### RECORD EXCERPTS
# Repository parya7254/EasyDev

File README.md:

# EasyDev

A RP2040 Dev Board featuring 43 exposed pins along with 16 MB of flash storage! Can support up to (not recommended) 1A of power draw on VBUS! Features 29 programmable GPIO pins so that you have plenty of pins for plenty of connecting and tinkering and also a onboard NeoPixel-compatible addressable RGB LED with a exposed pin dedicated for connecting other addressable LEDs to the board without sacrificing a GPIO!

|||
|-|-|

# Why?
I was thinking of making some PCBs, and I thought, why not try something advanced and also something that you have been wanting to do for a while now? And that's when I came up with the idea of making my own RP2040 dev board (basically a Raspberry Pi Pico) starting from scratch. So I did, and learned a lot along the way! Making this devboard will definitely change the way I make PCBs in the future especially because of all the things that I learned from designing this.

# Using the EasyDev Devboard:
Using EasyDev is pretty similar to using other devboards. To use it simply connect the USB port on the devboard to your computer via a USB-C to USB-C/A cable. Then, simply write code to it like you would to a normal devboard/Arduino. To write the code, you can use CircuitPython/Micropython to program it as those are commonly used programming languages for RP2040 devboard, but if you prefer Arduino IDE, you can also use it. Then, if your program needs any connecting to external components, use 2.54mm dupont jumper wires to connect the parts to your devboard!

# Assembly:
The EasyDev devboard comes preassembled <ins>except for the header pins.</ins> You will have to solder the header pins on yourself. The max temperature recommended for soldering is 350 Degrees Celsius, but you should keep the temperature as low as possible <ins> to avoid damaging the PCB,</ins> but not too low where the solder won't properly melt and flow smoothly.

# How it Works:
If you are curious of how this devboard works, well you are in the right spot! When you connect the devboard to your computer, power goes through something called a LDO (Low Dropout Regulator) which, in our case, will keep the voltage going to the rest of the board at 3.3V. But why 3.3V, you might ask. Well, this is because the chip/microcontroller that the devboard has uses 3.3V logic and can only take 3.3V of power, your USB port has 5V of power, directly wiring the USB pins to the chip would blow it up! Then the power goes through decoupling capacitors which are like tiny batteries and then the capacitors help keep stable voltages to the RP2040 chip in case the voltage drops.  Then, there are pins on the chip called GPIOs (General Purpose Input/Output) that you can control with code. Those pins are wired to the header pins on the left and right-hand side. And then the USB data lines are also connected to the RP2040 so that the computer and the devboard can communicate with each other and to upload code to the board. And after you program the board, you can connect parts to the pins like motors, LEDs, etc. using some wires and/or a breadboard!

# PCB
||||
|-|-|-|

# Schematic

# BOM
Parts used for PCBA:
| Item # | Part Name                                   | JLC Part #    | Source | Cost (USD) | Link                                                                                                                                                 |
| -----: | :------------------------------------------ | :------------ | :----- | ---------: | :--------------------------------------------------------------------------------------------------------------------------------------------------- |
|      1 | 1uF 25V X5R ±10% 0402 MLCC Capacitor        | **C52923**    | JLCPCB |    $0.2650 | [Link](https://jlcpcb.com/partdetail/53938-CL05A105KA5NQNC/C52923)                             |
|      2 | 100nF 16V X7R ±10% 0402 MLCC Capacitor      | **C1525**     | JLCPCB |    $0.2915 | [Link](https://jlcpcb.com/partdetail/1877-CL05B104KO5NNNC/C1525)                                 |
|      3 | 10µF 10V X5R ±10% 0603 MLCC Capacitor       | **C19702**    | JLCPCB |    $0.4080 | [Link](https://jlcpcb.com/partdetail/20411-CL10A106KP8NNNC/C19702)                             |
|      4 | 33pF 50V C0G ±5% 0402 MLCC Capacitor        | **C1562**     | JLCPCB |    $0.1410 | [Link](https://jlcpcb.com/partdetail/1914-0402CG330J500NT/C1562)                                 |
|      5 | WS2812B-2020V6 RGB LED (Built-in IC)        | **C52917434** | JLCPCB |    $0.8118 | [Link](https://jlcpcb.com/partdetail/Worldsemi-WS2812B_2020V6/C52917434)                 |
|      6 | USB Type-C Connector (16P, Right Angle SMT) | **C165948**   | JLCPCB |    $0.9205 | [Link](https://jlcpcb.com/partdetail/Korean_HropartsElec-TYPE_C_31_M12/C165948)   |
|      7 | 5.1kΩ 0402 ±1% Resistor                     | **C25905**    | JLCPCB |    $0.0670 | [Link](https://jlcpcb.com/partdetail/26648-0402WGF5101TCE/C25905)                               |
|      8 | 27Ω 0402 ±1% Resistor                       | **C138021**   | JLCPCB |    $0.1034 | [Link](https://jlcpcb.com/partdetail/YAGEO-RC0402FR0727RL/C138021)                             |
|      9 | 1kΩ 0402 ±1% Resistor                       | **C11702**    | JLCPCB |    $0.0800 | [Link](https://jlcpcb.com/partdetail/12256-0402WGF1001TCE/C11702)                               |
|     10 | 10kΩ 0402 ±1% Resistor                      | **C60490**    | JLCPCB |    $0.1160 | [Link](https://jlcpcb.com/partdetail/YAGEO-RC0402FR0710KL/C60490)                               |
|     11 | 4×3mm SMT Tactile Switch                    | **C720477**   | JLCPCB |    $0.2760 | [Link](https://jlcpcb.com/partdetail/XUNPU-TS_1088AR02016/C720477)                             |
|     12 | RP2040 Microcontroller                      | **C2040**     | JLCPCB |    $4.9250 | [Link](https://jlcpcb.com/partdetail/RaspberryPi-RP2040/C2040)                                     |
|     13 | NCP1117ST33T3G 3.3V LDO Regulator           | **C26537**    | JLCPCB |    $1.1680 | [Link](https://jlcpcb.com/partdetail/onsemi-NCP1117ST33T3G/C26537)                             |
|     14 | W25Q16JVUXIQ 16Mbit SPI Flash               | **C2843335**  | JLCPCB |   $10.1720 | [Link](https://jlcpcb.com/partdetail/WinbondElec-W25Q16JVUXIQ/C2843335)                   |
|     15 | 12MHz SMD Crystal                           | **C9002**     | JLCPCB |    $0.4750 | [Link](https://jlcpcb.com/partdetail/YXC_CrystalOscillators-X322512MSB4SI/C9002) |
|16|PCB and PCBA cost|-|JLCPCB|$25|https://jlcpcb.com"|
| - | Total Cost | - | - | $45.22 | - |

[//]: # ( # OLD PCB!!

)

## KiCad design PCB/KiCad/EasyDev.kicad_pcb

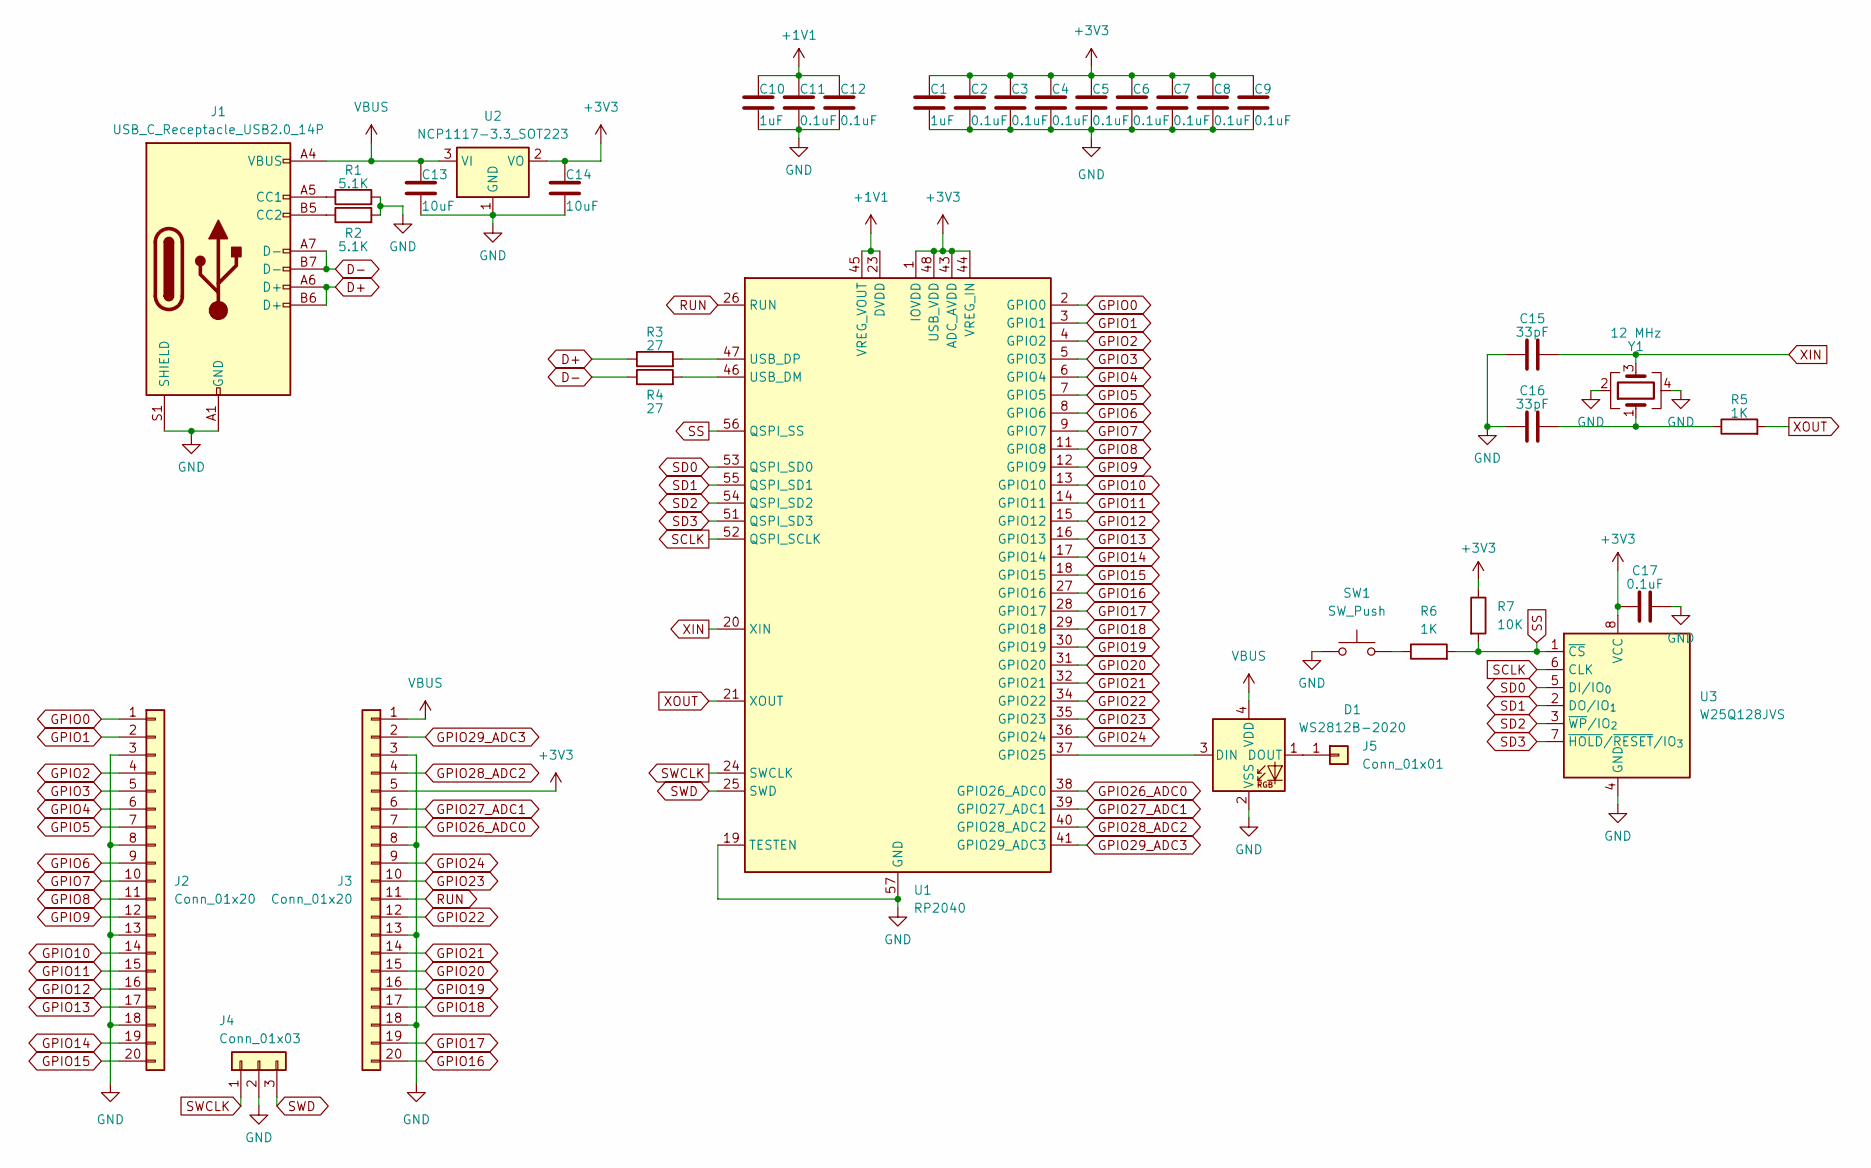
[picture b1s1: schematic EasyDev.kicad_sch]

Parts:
C1, C10: 1uF; C_0402_1005Metric
C2, C3, C4, C5, C6, C7, C8, C9, C11, C12, C17: 0.1uF; C_0402_1005Metric
C13, C14: 10uF; C_0603_1608Metric
C15, C16: 33pF; C_0402_1005Metric
D1: WS2812B-2020; LED_WS2812B-2020_PLCC4_2.0x2.0mm
J1: USB_C_Receptacle_USB2.0_14P; USB_C_Receptacle_HRO_TYPE-C-31-M-12
J2, J3: Conn_01x20; PinSocket_1x20_P2.54mm_Vertical
J4: Conn_01x03; PinSocket_1x03_P2.54mm_Vertical
J5: Conn_01x01; PinSocket_1x01_P2.54mm_Vertical
R1, R2: 5.1K; R_0402_1005Metric
R3, R4: 27; R_0402_1005Metric
R5, R6: 1K; R_0402_1005Metric
R7: 10K; R_0402_1005Metric
SW1: SW_Push; SW_Push_SPST_NO_Alps_SKRK
U1: RP2040; QFN-56-1EP_7x7mm_P0.4mm_EP3.2x3.2mm
U2: NCP1117-3.3_SOT223; SOT-223-3_TabPin2
U3: W25Q128JVS; Winbond_USON-8-1EP_3x2mm_P0.5mm_EP0.2x1.6mm
Y1: 12 MHz; Crystal_SMD_3225-4Pin_3.2x2.5mm

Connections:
+1V1: C10.1, C11.1, C12.1, U1.23 (DVDD), U1.45 (VREG_VOUT), U1.50 (DVDD)
+3V3: C1.1, C2.1, C3.1, C4.1, C5.1, C6.1, C7.1, C8.1, C9.1, C14.1, C17.1, J3.5, R7.1, U1.1 (IOVDD), U1.10 (IOVDD), U1.22 (IOVDD), U1.33 (IOVDD), U1.42 (IOVDD), U1.43 (ADC_AVDD), U1.44 (VREG_IN), U1.48 (USB_VDD), U1.49 (IOVDD), U2.2 (VO), U3.8 (VCC)
D+: J1.A6 (D+), J1.B6 (D+), R3.1
D-: J1.A7 (D-), J1.B7 (D-), R4.1
GND: C1.2, C2.2, C3.2, C4.2, C5.2, C6.2, C7.2, C8.2, C9.2, C10.2, C11.2, C12.2, C13.2, C14.2, C15.1, C16.1, C17.2, D1.2 (VSS), J1.A1 (GND), J1.A12 (GND), J1.B1 (GND), J1.B12 (GND), J1.S1 (SHIELD), J2.3, J2.8, J2.13, J2.18, J3.3, J3.8, J3.13, J3.18, J4.2, R1.2, R2.2, SW1.1, U1.19 (TESTEN), U1.57 (GND), U2.1 (GND), U3.4 (GND), Y1.2, Y1.4
GPIO0: J2.1, U1.2 (GPIO0)
GPIO1: J2.2, U1.3 (GPIO1)
GPIO2: J2.4, U1.4 (GPIO2)
GPIO3: J2.5, U1.5 (GPIO3)
GPIO4: J2.6, U1.6 (GPIO4)
GPIO5: J2.7, U1.7 (GPIO5)
GPIO6: J2.9, U1.8 (GPIO6)
GPIO7: J2.10, U1.9 (GPIO7)
GPIO8: J2.11, U1.11 (GPIO8)
GPIO9: J2.12, U1.12 (GPIO9)
GPIO10: J2.14, U1.13 (GPIO10)
GPIO11: J2.15, U1.14 (GPIO11)
GPIO12: J2.16, U1.15 (GPIO12)
GPIO13: J2.17, U1.16 (GPIO13)
GPIO14: J2.19, U1.17 (GPIO14)
GPIO15: J2.20, U1.18 (GPIO15)
GPIO16: J3.20, U1.27 (GPIO16)
GPIO17: J3.19, U1.28 (GPIO17)
GPIO18: J3.17, U1.29 (GPIO18)
GPIO19: J3.16, U1.30 (GPIO19)
GPIO20: J3.15, U1.31 (GPIO20)
GPIO21: J3.14, U1.32 (GPIO21)
GPIO22: J3.12, U1.34 (GPIO22)
GPIO23: J3.10, U1.35 (GPIO23)
GPIO24: J3.9, U1.36 (GPIO24)
GPIO26_ADC0: J3.7, U1.38 (GPIO26_ADC0)
GPIO27_ADC1: J3.6, U1.39 (GPIO27_ADC1)
GPIO28_ADC2: J3.4, U1.40 (GPIO28_ADC2)
GPIO29_ADC3: J3.2, U1.41 (GPIO29_ADC3)
unnamed: C16.2, R5.1, Y1.1
unnamed: D1.3 (DIN), U1.37 (GPIO25)
unnamed: D1.1 (DOUT), J5.1
unnamed: J1.A5 (CC1), R1.1
unnamed: J1.B5 (CC2), R2.1
unnamed: R6.1, SW1.2
unnamed: R4.2, U1.46 (USB_DM)
unnamed: R3.2, U1.47 (USB_DP)
RUN: J3.11, U1.26 (RUN)
SCLK: U1.52 (QSPI_SCLK), U3.6 (CLK)
SD0: U1.53 (QSPI_SD0), U3.5 (DI/IO_{0})
SD1: U1.55 (QSPI_SD1), U3.2 (DO/IO_{1})
SD2: U1.54 (QSPI_SD2), U3.3 (~WP/IO_{2})
SD3: U1.51 (QSPI_SD3), U3.7 (~HOLD/~RESET/IO_{3})
SS: R6.2, R7.2, U1.56 (QSPI_SS), U3.1 (~CS)
SWCLK: J4.1, U1.24 (SWCLK)
SWD: J4.3, U1.25 (SWD)
VBUS: C13.1, D1.4 (VDD), J1.A4 (VBUS), J1.A9 (VBUS), J1.B4 (VBUS), J1.B9 (VBUS), J3.1, U2.3 (VI)
XIN: C15.2, U1.20 (XIN), Y1.3
XOUT: R5.2, U1.21 (XOUT)

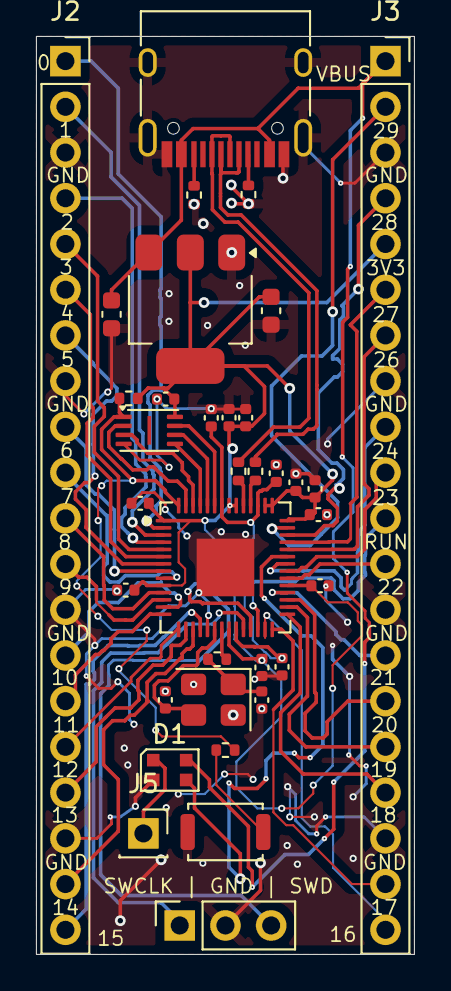
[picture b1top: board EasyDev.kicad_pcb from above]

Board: 2 copper layers, 21.0 x 51.0 mm, 35 parts (0 on the bottom side), 54 nets.

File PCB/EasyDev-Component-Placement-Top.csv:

Ref,Val,Package,PosX,PosY,Rot,Side
"C1","1uF","C_0402_1005Metric",168.094790,-79.406673,90.000000,top
"C2","0.1uF","C_0402_1005Metric",165.140138,-89.325087,-90.000000,top
"C3","0.1uF","C_0402_1005Metric",158.379481,-80.206715,180.000000,top
"C4","0.1uF","C_0402_1005Metric",168.368721,-84.788945,0.000000,top
"C5","0.1uF","C_0402_1005Metric",168.277812,-80.837647,0.000000,top
"C6","0.1uF","C_0402_1005Metric",157.577919,-85.032096,180.000000,top
"C7","0.1uF","C_0402_1005Metric",164.240059,-75.451954,90.000000,top
"C8","0.1uF","C_0402_1005Metric",167.029762,-79.041389,90.000000,top
"C9","0.1uF","C_0402_1005Metric",163.314044,-75.449777,90.000000,top
"C10","1uF","C_0402_1005Metric",166.258185,-89.291561,-90.000000,top
"C11","0.1uF","C_0402_1005Metric",165.937724,-78.540642,90.000000,top
"C12","0.1uF","C_0402_1005Metric",162.328472,-75.459162,90.000000,top
"C13","10uF","C_0603_1608Metric",156.786707,-69.710370,-90.000000,top
"C14","10uF","C_0603_1608Metric",165.649569,-69.510029,-90.000000,top
"C15","33pF","C_0402_1005Metric",159.777743,-91.129262,-90.000000,top
"C16","33pF","C_0402_1005Metric",165.134333,-91.138788,90.000000,top
"C17","0.1uF","C_0402_1005Metric",159.792875,-74.418061,180.000000,top
"D1","WS2812B-2020","LED_WS2812B-2020_PLCC4_2.0x2.0mm",160.018639,-95.028324,0.000000,top
"J1","USB_C_Receptacle_USB2.0_14P","USB_C_Receptacle_HRO_TYPE-C-31-M-12",163.115625,-56.771875,180.000000,top
"J2","Conn_01x20","PinSocket_1x20_P2.54mm_Vertical",154.225625,-55.641875,0.000000,top
"J3","Conn_01x20","PinSocket_1x20_P2.54mm_Vertical",172.005625,-55.641875,0.000000,top
"J4","Conn_01x03","PinSocket_1x03_P2.54mm_Vertical",160.575625,-103.661875,90.000000,top
"J5","Conn_01x01","PinSocket_1x01_P2.54mm_Vertical",158.557827,-98.548552,0.000000,top
"R1","5.1K","R_0402_1005Metric",164.394777,-63.058838,-90.000000,top
"R2","5.1K","R_0402_1005Metric",161.373806,-63.082210,-90.000000,top
"R3","27","R_0402_1005Metric",163.840607,-78.431261,-90.000000,top
"R4","27","R_0402_1005Metric",164.780607,-78.431261,-90.000000,top
"R5","1K","R_0402_1005Metric",162.652626,-88.870549,0.000000,top
"R6","1K","R_0402_1005Metric",163.115625,-93.918125,0.000000,top
"R7","10K","R_0402_1005Metric",157.736536,-74.379629,180.000000,top
"SW1","SW_Push","SW_Push_SPST_NO_Alps_SKRK",163.115625,-98.469375,0.000000,top
"U1","RP2040","QFN-56-1EP_7x7mm_P0.4mm_EP3.2x3.2mm",163.115625,-83.771875,0.000000,top
"U2","NCP1117-3.3_SOT223","SOT-223-3_TabPin2",161.163319,-69.426151,-90.000000,top
"U3","W25Q128JVS","Winbond_USON-8-1EP_3x2mm_P0.5mm_EP0.2x1.6mm",158.883718,-76.158379,0.000000,top
"Y1","12 MHz","Crystal_SMD_3225-4Pin_3.2x2.5mm",162.446271,-91.119341,180.000000,top

### WHAT IS EXPECTED
When you retype the data above, start at its first line, stop after the line containing "# Using the", and leave out everything else.

### WRITTEN SOLUTION
# Repository parya7254/EasyDev

File README.md:

# EasyDev

A RP2040 Dev Board featuring 43 exposed pins along with 16 MB of flash storage! Can support up to (not recommended) 1A of power draw on VBUS! Features 29 programmable GPIO pins so that you have plenty of pins for plenty of connecting and tinkering and also a onboard NeoPixel-compatible addressable RGB LED with a exposed pin dedicated for connecting other addressable LEDs to the board without sacrificing a GPIO!

|||
|-|-|

# Why?
I was thinking of making some PCBs, and I thought, why not try something advanced and also something that you have been wanting to do for a while now? And that's when I came up with the idea of making my own RP2040 dev board (basically a Raspberry Pi Pico) starting from scratch. So I did, and learned a lot along the way! Making this devboard will definitely change the way I make PCBs in the future especially because of all the things that I learned from designing this.

# Using the EasyDev Devboard:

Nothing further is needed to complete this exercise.